▶ What you have to do: Up to and including the line that contains "blk = doc.blocks.new('liaojia')", return every line from the start of the data, unchanged.

▶ Data for processing:
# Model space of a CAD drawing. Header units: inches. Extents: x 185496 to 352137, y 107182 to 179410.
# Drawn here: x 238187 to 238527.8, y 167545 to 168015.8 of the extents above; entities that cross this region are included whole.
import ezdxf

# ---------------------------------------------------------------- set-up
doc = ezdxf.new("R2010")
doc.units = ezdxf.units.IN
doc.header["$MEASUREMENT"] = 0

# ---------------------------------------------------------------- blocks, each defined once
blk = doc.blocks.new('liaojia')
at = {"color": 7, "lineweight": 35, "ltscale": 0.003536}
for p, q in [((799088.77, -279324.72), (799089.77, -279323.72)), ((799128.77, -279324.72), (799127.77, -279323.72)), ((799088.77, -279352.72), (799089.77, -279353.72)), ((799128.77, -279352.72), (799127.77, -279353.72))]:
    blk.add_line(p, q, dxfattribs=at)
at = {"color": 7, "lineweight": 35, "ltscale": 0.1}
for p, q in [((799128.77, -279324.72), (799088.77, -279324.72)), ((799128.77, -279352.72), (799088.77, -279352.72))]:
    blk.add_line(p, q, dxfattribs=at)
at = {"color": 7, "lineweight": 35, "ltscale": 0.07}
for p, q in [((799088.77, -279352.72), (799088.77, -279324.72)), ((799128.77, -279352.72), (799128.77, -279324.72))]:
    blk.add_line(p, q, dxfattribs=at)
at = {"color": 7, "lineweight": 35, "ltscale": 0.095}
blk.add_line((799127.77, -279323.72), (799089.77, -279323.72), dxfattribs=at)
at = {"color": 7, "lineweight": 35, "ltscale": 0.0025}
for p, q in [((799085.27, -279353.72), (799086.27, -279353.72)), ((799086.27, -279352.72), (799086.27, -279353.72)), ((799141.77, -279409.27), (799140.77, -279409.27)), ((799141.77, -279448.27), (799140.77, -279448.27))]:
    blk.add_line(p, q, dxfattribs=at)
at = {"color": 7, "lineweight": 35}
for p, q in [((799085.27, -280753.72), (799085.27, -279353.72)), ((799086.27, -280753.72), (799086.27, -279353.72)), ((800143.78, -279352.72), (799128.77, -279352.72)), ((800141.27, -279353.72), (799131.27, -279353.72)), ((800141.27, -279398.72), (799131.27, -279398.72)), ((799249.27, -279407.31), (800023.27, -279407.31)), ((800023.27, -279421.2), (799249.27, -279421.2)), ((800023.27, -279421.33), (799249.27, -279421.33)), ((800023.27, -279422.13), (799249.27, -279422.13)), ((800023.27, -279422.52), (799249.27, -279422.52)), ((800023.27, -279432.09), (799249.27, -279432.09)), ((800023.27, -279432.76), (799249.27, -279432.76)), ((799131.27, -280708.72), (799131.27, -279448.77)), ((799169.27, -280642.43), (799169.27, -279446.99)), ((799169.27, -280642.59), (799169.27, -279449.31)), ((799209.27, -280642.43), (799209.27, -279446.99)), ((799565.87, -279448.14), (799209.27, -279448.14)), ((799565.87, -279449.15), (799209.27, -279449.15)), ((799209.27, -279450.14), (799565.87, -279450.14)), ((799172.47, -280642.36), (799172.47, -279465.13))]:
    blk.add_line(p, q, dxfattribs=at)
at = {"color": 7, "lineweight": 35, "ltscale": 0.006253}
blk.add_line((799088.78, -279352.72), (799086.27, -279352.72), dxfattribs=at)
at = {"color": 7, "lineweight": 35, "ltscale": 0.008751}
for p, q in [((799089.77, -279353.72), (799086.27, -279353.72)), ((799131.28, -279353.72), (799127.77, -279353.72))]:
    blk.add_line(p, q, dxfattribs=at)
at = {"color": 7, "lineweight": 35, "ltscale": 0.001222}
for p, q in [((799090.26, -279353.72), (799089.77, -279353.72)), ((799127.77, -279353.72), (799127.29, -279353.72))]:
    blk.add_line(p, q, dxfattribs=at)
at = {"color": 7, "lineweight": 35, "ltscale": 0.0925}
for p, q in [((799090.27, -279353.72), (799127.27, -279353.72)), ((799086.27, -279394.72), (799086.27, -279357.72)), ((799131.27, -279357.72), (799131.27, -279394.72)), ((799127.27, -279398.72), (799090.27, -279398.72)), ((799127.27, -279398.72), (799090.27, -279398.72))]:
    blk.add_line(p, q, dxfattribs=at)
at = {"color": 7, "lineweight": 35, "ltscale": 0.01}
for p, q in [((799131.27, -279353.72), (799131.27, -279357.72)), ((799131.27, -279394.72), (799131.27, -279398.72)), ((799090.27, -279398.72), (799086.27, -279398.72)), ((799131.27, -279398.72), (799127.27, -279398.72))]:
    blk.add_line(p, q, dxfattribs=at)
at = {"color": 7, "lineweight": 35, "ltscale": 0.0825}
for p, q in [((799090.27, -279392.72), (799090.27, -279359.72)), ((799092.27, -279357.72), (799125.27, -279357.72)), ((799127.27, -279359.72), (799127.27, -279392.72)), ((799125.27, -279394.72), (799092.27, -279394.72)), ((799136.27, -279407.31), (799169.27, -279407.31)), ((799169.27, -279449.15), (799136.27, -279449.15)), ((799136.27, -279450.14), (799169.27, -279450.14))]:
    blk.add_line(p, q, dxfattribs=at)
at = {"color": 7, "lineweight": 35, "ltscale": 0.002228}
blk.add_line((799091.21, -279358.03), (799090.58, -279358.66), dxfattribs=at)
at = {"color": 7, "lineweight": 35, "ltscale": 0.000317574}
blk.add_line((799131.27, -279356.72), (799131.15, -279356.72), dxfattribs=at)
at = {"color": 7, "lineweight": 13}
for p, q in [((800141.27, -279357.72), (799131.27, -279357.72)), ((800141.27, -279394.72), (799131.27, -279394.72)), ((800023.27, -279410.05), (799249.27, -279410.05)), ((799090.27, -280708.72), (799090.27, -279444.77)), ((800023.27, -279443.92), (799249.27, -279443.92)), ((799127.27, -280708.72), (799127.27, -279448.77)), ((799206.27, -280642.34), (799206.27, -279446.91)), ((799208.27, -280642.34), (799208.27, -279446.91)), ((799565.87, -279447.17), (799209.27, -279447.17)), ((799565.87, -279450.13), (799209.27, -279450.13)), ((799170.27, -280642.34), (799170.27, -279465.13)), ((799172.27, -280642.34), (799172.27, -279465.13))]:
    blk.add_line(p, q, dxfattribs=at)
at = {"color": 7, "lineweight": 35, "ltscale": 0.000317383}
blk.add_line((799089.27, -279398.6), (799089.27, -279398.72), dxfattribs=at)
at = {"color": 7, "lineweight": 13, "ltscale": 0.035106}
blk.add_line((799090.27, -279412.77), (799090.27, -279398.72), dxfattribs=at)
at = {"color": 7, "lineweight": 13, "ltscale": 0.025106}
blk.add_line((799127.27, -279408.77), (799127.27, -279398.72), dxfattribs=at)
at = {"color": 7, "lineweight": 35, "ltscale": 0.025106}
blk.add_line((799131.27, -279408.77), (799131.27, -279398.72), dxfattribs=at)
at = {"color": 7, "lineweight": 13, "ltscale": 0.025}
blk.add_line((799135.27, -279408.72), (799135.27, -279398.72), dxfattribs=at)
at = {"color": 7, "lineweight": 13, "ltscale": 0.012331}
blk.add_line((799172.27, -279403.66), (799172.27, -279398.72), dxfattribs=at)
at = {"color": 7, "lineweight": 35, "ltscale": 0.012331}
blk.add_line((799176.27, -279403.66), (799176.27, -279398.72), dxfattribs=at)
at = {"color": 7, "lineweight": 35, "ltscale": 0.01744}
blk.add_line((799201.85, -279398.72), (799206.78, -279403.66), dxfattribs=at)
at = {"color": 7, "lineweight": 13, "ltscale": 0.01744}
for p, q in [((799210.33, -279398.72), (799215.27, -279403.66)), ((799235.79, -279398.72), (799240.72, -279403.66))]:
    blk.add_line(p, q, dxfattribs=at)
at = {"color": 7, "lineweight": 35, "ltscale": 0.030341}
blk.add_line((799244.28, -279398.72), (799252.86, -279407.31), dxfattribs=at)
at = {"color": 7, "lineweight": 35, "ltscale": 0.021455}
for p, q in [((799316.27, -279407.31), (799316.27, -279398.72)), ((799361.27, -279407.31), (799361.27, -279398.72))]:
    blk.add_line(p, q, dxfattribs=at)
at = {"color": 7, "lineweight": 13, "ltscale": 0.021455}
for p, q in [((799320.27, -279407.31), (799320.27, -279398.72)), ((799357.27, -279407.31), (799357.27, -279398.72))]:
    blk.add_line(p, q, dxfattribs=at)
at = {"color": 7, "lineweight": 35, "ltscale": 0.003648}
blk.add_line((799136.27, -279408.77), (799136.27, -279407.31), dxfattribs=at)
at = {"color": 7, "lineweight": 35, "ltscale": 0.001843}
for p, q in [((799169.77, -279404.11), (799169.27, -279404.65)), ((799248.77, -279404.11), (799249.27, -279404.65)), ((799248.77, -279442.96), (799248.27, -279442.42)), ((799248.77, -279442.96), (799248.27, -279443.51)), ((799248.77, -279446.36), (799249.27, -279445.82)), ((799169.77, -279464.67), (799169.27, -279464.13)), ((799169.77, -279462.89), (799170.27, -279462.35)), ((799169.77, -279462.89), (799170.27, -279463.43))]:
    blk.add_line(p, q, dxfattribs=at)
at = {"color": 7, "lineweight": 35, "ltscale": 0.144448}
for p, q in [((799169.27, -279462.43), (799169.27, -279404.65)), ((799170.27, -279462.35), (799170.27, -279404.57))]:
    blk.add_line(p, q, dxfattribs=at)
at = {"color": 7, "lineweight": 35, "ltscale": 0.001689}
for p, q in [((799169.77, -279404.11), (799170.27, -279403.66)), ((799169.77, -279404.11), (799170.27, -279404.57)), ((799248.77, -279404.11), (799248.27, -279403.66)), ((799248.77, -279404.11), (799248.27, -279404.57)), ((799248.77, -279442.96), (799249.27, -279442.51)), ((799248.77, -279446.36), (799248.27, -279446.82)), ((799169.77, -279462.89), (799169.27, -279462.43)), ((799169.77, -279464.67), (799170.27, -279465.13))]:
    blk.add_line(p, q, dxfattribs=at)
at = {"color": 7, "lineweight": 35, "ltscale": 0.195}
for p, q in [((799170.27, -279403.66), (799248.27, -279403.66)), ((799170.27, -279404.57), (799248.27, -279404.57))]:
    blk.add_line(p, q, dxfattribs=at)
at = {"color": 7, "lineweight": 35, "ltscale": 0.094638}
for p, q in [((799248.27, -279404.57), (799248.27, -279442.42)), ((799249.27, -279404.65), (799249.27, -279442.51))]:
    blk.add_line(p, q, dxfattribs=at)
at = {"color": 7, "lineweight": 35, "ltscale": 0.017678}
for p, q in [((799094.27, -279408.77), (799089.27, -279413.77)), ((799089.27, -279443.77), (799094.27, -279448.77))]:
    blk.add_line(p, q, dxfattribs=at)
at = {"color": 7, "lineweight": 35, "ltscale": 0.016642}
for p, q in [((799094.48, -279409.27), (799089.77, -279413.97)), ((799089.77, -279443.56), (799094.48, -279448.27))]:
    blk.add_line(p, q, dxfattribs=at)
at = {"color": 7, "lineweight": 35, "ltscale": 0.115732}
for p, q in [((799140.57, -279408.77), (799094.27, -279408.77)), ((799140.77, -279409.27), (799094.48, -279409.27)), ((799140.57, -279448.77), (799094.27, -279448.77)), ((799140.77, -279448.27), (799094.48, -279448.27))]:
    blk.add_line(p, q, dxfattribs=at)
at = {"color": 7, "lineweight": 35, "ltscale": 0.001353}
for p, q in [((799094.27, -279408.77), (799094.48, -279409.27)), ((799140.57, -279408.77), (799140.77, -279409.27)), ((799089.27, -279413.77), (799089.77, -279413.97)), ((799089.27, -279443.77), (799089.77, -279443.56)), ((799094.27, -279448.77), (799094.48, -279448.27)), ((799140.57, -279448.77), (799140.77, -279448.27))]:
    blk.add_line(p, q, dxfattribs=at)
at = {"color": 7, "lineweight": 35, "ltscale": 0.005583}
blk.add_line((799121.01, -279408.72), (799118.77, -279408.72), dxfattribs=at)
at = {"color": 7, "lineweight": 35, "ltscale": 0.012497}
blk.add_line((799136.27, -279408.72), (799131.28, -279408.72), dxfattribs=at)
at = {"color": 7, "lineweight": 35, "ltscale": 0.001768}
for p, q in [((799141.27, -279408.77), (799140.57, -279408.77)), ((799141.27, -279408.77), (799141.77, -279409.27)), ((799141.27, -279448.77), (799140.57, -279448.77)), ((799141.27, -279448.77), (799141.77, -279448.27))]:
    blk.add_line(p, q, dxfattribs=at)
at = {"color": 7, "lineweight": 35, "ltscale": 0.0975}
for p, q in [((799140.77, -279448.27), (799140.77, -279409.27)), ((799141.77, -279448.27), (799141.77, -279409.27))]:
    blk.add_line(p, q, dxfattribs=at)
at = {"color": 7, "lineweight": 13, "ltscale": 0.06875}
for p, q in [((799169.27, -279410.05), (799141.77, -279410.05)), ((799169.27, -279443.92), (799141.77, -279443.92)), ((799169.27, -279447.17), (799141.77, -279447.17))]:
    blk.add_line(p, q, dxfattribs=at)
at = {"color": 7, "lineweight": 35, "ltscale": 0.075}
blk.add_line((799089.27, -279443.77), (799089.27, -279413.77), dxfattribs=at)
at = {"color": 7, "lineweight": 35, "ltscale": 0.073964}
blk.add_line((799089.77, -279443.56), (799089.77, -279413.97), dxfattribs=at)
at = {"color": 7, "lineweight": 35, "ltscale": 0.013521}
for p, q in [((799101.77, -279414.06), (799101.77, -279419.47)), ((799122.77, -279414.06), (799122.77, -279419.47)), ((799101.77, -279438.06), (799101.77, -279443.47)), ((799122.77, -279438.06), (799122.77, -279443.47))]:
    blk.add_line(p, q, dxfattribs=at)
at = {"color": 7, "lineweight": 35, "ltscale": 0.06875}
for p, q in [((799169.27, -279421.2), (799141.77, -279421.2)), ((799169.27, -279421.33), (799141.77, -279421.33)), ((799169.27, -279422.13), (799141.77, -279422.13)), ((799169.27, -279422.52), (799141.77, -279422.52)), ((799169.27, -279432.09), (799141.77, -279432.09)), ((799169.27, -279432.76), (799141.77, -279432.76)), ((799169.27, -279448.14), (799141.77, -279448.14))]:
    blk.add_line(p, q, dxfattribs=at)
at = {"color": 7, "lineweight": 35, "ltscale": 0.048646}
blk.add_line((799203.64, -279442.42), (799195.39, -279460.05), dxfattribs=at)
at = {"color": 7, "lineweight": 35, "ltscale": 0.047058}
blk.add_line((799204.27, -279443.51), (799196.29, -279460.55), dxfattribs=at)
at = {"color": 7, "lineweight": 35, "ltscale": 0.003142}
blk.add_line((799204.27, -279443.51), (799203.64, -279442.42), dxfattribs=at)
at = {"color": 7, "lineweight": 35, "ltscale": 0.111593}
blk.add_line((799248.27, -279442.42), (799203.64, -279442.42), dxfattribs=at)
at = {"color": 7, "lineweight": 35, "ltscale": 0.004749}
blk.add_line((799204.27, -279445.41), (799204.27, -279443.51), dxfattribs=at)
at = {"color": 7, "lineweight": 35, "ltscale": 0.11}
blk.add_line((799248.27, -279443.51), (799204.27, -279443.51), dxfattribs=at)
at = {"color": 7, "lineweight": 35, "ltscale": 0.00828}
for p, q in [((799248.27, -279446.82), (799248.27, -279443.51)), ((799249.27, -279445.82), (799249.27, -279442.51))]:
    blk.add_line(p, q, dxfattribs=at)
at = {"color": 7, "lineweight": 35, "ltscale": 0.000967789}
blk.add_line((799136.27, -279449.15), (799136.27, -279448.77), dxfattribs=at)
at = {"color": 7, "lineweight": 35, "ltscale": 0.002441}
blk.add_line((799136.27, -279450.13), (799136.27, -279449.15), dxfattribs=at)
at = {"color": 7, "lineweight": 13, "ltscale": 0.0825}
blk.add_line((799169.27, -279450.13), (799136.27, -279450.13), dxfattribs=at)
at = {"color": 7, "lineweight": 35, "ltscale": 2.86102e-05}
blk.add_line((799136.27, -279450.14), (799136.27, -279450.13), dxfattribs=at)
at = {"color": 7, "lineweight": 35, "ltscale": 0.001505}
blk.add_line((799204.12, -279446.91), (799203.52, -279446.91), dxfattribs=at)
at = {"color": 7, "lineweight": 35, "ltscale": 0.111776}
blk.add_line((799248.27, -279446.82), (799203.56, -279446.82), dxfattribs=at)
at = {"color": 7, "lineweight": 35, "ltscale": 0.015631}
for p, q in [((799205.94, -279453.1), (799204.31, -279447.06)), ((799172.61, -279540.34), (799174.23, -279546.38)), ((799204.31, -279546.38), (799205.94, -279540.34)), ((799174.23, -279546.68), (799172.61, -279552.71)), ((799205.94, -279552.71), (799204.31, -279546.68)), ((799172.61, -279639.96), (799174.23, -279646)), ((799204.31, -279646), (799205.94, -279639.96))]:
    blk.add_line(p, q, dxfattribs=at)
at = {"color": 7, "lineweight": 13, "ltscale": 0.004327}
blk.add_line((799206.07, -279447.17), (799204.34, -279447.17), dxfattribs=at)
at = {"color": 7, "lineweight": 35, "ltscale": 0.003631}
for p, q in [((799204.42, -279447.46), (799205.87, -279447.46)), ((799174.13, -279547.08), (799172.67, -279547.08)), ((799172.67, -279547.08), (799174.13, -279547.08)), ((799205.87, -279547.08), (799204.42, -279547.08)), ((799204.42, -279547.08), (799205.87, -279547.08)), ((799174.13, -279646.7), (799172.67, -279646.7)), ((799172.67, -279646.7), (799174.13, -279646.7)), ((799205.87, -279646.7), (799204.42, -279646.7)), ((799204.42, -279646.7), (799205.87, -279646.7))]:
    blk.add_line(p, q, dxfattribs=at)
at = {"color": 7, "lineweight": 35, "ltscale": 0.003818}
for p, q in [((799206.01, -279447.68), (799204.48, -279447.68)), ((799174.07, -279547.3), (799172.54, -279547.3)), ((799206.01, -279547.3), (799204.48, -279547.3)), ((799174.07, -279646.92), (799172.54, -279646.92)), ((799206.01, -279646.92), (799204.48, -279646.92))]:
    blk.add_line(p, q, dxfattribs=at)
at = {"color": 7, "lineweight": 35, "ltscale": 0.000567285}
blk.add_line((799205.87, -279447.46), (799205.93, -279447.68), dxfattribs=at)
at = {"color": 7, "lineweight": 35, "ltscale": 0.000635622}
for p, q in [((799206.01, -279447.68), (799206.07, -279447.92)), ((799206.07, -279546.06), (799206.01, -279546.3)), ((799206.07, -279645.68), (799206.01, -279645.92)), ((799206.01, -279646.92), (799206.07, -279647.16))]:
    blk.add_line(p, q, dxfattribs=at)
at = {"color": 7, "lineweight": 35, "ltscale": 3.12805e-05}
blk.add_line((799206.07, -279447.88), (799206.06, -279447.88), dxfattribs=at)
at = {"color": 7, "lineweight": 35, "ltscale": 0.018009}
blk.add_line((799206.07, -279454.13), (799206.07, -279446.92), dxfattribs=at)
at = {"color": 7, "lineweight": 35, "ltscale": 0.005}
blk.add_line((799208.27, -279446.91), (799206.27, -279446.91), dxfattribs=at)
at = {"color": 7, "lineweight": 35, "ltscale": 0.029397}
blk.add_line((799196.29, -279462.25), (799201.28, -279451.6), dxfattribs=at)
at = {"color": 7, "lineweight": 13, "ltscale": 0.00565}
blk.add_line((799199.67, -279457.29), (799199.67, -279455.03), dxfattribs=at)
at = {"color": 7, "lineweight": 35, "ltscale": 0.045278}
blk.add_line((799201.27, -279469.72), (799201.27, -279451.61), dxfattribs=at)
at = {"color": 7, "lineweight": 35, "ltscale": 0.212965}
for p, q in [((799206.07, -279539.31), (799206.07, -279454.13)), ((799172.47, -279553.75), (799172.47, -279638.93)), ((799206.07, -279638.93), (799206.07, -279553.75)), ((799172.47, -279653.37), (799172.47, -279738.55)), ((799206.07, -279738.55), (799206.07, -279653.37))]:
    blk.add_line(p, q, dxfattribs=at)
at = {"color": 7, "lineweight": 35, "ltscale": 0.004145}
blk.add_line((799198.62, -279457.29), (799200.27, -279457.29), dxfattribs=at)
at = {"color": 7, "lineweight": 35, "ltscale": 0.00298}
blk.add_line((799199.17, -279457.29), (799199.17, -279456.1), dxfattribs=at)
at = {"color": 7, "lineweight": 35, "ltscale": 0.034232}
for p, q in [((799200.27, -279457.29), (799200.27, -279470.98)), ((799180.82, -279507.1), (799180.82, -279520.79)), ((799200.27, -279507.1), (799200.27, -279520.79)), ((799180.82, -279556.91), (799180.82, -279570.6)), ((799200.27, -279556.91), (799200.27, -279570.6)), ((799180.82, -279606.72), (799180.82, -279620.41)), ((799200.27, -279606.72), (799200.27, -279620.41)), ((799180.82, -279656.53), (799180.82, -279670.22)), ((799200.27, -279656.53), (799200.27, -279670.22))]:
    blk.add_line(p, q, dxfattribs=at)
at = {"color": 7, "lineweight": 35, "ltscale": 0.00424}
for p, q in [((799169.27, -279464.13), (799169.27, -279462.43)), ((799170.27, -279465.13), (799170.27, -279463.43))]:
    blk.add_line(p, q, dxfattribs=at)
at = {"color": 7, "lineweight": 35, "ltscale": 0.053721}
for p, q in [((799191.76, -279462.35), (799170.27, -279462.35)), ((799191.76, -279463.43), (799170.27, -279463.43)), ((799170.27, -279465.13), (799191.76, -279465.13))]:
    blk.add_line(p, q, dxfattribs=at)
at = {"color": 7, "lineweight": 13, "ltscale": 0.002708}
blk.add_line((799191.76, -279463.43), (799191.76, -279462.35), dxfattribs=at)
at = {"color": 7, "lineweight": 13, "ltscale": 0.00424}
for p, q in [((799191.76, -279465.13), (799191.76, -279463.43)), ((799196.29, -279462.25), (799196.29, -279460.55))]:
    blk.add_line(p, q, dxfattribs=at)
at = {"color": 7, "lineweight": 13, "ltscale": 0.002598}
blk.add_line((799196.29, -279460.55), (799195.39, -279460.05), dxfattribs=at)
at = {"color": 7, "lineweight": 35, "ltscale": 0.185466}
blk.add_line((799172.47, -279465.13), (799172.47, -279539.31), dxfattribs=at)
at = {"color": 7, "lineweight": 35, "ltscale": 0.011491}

▶ The completed task:
# Model space of a CAD drawing. Header units: inches. Extents: x 185496 to 352137, y 107182 to 179410.
# Drawn here: x 238187 to 238527.8, y 167545 to 168015.8 of the extents above; entities that cross this region are included whole.
import ezdxf

# ---------------------------------------------------------------- set-up
doc = ezdxf.new("R2010")
doc.units = ezdxf.units.IN
doc.header["$MEASUREMENT"] = 0

# ---------------------------------------------------------------- blocks, each defined once
blk = doc.blocks.new('liaojia')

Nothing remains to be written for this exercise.